Material to process Block Start

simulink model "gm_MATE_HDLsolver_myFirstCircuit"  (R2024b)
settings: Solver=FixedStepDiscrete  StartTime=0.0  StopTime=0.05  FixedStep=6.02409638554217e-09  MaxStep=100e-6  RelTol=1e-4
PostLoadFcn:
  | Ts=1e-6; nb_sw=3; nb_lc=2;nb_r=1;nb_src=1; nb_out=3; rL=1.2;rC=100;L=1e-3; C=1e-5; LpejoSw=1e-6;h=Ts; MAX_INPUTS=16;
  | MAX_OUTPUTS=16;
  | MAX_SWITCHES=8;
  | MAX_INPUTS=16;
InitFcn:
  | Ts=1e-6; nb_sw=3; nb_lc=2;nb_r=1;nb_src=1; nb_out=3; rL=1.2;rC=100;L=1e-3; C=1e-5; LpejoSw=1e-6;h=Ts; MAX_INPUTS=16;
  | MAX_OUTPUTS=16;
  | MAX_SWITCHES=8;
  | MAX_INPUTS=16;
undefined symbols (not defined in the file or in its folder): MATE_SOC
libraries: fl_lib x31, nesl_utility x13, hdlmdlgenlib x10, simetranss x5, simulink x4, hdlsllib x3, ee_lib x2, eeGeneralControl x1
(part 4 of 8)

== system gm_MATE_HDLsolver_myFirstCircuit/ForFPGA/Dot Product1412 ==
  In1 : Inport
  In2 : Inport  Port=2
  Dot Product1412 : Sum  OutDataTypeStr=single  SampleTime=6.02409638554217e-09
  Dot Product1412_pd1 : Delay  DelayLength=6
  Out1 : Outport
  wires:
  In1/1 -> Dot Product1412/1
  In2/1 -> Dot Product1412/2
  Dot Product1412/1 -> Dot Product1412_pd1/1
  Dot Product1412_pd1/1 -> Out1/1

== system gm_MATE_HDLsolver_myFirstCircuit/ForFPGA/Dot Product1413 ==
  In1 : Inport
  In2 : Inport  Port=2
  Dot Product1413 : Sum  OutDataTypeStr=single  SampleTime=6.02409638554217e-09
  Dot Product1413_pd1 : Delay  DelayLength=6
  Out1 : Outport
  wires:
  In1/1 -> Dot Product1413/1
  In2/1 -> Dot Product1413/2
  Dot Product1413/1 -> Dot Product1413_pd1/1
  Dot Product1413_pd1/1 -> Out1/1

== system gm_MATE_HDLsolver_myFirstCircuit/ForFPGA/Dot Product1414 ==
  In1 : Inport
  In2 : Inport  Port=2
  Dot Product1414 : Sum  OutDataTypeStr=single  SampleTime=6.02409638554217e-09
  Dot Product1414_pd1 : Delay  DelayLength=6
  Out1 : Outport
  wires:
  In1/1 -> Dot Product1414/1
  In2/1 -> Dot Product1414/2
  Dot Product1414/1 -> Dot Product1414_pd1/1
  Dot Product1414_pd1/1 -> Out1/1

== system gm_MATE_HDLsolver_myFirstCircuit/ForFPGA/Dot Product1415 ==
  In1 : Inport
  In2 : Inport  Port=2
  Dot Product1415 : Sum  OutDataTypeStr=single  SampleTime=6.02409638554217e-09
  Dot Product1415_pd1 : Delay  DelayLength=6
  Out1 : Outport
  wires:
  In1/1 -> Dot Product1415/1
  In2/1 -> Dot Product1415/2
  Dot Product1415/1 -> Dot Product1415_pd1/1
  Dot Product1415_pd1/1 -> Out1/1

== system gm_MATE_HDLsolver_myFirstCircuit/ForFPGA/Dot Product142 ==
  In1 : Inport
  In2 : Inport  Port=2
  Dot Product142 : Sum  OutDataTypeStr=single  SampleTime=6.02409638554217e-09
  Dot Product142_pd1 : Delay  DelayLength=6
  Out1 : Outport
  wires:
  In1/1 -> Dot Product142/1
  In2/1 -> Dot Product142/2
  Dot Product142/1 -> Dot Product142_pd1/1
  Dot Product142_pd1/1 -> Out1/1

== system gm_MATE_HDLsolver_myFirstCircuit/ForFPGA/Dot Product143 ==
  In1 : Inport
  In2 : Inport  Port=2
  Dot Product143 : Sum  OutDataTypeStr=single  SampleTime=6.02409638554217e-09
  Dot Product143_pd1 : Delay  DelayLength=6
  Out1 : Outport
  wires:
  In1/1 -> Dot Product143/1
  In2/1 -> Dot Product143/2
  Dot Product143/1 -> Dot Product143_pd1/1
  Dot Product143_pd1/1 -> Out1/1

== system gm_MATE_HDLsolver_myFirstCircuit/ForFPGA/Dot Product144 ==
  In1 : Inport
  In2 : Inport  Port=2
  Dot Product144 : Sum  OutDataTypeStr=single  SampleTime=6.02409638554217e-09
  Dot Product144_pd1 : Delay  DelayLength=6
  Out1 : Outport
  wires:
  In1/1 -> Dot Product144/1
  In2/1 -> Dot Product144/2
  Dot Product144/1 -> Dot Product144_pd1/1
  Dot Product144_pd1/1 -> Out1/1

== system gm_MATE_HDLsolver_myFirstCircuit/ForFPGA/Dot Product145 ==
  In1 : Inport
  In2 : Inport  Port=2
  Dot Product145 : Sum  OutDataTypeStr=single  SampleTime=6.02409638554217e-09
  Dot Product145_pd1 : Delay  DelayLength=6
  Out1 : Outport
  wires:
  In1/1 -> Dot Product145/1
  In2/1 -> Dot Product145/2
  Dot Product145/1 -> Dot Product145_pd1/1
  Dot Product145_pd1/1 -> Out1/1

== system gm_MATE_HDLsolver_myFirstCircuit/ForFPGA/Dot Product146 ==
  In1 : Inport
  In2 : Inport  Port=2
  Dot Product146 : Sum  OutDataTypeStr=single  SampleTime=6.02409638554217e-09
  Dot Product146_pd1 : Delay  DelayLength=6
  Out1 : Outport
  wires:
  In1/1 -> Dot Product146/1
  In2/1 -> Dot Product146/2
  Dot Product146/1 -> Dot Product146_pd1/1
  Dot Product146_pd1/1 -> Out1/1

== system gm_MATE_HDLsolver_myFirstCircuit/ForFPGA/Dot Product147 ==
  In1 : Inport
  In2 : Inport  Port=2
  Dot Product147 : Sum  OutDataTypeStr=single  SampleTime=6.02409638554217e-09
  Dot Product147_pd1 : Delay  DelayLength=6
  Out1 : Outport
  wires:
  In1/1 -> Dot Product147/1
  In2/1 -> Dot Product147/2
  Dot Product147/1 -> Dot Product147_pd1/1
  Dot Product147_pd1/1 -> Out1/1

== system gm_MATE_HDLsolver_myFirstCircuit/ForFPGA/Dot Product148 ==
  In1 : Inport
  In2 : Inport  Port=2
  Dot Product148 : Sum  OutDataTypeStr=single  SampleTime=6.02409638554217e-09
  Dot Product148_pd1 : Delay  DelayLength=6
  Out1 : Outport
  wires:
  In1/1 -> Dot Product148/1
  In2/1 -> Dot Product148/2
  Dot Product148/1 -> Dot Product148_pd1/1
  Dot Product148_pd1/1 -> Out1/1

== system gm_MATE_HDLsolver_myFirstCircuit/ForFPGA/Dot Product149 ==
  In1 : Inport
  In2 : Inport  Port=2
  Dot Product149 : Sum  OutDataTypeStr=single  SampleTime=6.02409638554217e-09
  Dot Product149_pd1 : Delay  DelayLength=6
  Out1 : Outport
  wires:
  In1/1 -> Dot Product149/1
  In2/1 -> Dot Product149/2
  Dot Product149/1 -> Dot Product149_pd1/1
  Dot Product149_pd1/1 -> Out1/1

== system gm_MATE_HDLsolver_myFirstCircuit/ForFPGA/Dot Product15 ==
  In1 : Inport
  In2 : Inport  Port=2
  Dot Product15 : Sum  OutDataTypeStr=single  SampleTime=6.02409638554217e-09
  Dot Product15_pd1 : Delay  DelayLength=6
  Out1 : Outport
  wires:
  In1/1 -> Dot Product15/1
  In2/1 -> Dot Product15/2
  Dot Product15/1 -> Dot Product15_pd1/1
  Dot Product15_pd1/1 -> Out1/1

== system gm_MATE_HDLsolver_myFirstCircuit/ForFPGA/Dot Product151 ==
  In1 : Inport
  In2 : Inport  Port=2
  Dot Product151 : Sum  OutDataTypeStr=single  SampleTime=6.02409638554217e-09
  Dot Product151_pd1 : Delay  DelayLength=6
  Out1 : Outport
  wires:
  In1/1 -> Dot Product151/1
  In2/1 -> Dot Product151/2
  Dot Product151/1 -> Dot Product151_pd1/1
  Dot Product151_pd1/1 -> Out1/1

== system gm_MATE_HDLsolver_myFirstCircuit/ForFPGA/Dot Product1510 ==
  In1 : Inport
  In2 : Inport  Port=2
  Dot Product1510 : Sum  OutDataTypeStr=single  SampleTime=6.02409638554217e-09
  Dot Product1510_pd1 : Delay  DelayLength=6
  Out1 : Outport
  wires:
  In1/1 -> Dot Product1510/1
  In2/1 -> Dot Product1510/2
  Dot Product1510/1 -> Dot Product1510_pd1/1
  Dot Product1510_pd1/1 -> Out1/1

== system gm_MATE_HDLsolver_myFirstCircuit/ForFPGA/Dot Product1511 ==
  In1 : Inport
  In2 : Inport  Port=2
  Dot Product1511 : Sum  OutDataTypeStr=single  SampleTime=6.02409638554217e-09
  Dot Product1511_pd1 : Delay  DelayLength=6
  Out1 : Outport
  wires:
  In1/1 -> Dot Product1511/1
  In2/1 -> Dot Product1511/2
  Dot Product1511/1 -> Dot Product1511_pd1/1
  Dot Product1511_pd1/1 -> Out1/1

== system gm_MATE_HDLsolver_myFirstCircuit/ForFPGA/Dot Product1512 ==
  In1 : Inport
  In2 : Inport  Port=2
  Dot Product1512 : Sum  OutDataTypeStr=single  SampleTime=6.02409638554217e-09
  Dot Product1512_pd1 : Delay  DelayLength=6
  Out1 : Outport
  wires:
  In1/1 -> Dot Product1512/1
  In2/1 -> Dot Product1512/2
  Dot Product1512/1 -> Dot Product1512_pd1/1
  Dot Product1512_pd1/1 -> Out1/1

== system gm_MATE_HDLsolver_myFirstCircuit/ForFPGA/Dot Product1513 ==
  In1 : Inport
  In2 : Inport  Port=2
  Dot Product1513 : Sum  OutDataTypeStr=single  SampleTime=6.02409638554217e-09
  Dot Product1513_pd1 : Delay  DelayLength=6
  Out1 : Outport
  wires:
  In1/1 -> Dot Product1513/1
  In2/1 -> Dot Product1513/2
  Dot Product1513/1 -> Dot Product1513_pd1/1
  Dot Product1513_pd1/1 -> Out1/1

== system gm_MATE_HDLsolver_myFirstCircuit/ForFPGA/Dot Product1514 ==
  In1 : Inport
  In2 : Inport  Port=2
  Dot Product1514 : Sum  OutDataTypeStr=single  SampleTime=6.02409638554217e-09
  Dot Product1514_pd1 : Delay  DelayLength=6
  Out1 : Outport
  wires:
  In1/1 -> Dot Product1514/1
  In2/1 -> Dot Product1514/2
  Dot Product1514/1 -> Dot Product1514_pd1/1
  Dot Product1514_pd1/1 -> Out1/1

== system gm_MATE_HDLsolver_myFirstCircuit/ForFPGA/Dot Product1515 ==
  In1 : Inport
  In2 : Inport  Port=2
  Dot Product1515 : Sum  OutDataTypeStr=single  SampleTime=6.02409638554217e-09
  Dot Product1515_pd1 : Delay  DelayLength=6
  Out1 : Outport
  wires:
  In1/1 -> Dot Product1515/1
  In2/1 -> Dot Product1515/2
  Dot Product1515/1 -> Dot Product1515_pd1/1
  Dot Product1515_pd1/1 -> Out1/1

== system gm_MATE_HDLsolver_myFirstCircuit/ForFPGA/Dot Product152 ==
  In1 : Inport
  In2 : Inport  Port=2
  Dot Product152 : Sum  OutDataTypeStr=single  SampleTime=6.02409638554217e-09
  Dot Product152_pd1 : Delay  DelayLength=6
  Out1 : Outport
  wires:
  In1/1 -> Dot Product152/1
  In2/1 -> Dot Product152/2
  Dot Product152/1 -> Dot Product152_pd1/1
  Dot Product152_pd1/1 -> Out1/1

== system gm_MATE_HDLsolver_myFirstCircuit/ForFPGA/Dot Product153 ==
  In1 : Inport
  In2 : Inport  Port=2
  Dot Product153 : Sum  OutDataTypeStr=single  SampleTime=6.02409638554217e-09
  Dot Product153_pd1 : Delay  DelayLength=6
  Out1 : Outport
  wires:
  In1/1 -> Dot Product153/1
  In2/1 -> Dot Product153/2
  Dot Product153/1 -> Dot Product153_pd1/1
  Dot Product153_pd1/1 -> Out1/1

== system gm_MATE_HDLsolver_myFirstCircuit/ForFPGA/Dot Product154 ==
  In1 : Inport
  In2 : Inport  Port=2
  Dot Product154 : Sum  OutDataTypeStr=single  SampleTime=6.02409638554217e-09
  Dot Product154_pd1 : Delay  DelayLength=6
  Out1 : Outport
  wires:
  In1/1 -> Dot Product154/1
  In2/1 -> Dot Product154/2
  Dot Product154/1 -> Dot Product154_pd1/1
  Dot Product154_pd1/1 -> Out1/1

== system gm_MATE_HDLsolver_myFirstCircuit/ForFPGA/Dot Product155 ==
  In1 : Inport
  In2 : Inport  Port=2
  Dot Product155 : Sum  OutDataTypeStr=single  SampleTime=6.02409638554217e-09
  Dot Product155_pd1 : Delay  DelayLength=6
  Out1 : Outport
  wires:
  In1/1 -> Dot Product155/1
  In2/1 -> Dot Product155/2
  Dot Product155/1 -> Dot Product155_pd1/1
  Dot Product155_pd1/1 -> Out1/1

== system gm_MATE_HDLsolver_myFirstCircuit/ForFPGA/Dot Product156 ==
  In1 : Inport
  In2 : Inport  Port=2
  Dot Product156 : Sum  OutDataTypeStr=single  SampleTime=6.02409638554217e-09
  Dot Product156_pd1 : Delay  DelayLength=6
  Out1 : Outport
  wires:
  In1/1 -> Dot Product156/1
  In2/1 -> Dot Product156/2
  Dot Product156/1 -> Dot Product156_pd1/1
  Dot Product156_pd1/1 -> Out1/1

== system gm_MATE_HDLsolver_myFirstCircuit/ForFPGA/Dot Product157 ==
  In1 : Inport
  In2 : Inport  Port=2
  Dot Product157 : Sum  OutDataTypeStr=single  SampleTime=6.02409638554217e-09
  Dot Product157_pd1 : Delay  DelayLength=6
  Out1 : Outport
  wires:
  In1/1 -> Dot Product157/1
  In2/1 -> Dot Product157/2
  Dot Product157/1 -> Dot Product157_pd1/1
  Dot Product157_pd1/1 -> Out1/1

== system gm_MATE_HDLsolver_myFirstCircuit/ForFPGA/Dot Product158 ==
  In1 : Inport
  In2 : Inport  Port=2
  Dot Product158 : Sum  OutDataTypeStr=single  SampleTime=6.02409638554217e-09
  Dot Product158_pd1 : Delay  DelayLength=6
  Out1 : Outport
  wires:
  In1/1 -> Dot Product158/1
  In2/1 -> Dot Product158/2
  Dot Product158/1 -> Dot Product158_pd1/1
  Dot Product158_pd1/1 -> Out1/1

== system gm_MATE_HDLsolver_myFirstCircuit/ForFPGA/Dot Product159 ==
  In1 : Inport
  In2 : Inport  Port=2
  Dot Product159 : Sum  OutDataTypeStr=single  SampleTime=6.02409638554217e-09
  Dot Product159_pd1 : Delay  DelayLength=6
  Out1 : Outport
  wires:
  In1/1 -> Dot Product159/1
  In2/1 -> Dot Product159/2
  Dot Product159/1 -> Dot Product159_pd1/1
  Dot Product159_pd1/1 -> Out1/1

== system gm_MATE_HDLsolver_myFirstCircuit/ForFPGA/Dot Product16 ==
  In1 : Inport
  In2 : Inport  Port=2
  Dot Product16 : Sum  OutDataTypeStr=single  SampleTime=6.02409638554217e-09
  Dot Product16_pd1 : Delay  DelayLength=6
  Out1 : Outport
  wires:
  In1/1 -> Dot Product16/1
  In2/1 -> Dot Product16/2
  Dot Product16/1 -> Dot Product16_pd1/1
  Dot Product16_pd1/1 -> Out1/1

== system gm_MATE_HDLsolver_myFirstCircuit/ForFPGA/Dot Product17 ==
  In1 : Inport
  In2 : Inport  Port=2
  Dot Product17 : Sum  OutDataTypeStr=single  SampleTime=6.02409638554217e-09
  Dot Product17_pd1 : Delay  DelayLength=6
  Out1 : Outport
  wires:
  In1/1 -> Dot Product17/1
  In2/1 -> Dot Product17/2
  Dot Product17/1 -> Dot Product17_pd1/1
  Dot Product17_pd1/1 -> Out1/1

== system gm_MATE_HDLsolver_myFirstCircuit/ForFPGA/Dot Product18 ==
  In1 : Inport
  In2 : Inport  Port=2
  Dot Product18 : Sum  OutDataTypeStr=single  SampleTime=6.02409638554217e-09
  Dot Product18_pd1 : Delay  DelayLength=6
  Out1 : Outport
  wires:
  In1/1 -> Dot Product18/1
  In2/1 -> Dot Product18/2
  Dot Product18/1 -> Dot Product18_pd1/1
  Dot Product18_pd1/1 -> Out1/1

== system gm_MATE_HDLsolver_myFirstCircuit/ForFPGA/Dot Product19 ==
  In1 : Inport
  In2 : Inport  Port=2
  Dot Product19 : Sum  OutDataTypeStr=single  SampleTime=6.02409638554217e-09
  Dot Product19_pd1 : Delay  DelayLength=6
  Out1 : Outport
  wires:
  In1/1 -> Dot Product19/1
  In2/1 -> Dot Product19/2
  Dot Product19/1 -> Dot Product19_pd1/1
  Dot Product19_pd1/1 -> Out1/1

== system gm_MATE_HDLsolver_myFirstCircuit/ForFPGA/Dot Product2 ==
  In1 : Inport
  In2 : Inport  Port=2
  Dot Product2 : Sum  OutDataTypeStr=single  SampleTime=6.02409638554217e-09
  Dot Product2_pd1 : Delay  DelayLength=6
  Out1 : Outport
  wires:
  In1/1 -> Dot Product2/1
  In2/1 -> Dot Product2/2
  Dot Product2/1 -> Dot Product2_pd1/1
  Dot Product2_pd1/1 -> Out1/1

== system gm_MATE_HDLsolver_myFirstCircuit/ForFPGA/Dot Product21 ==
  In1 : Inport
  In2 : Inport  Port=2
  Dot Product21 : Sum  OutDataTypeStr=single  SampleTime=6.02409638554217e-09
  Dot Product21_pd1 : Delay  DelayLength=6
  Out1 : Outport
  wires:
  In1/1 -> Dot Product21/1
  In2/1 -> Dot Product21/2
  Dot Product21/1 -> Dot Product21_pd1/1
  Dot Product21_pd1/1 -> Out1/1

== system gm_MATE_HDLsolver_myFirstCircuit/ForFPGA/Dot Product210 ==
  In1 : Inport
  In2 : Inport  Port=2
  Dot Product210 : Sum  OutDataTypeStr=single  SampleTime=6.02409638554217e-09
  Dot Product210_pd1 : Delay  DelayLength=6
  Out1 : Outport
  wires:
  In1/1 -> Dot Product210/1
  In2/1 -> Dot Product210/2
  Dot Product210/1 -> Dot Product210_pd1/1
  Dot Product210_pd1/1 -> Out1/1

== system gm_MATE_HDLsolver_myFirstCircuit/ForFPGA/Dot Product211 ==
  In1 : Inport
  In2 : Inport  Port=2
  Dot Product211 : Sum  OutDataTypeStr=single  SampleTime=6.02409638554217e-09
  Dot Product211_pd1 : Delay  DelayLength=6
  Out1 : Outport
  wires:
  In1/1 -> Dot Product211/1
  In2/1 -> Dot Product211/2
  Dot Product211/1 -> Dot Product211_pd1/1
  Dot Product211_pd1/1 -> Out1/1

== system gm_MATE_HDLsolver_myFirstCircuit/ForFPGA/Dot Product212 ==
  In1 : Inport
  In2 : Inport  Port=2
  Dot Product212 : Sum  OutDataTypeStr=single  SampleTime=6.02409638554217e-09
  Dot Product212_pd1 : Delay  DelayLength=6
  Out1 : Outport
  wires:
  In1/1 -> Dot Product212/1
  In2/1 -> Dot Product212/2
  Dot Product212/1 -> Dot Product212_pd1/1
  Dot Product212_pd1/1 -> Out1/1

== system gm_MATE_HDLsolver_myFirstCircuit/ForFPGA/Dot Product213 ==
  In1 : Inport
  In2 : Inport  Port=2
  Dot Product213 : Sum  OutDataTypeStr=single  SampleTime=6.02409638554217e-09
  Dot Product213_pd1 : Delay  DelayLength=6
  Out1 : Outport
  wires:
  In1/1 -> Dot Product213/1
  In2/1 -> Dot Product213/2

Material to process Block End

Work request
From the records above, print exactly the lines that run from the line with "In2/1 -> Dot Product144/2" to the line with "Dot Product145_pd1/1 -> Out1/1", inclusive.

Task answer
  In2/1 -> Dot Product144/2
  Dot Product144/1 -> Dot Product144_pd1/1
  Dot Product144_pd1/1 -> Out1/1

== system gm_MATE_HDLsolver_myFirstCircuit/ForFPGA/Dot Product145 ==
  In1 : Inport
  In2 : Inport  Port=2
  Dot Product145 : Sum  OutDataTypeStr=single  SampleTime=6.02409638554217e-09
  Dot Product145_pd1 : Delay  DelayLength=6
  Out1 : Outport
  wires:
  In1/1 -> Dot Product145/1
  In2/1 -> Dot Product145/2
  Dot Product145/1 -> Dot Product145_pd1/1
  Dot Product145_pd1/1 -> Out1/1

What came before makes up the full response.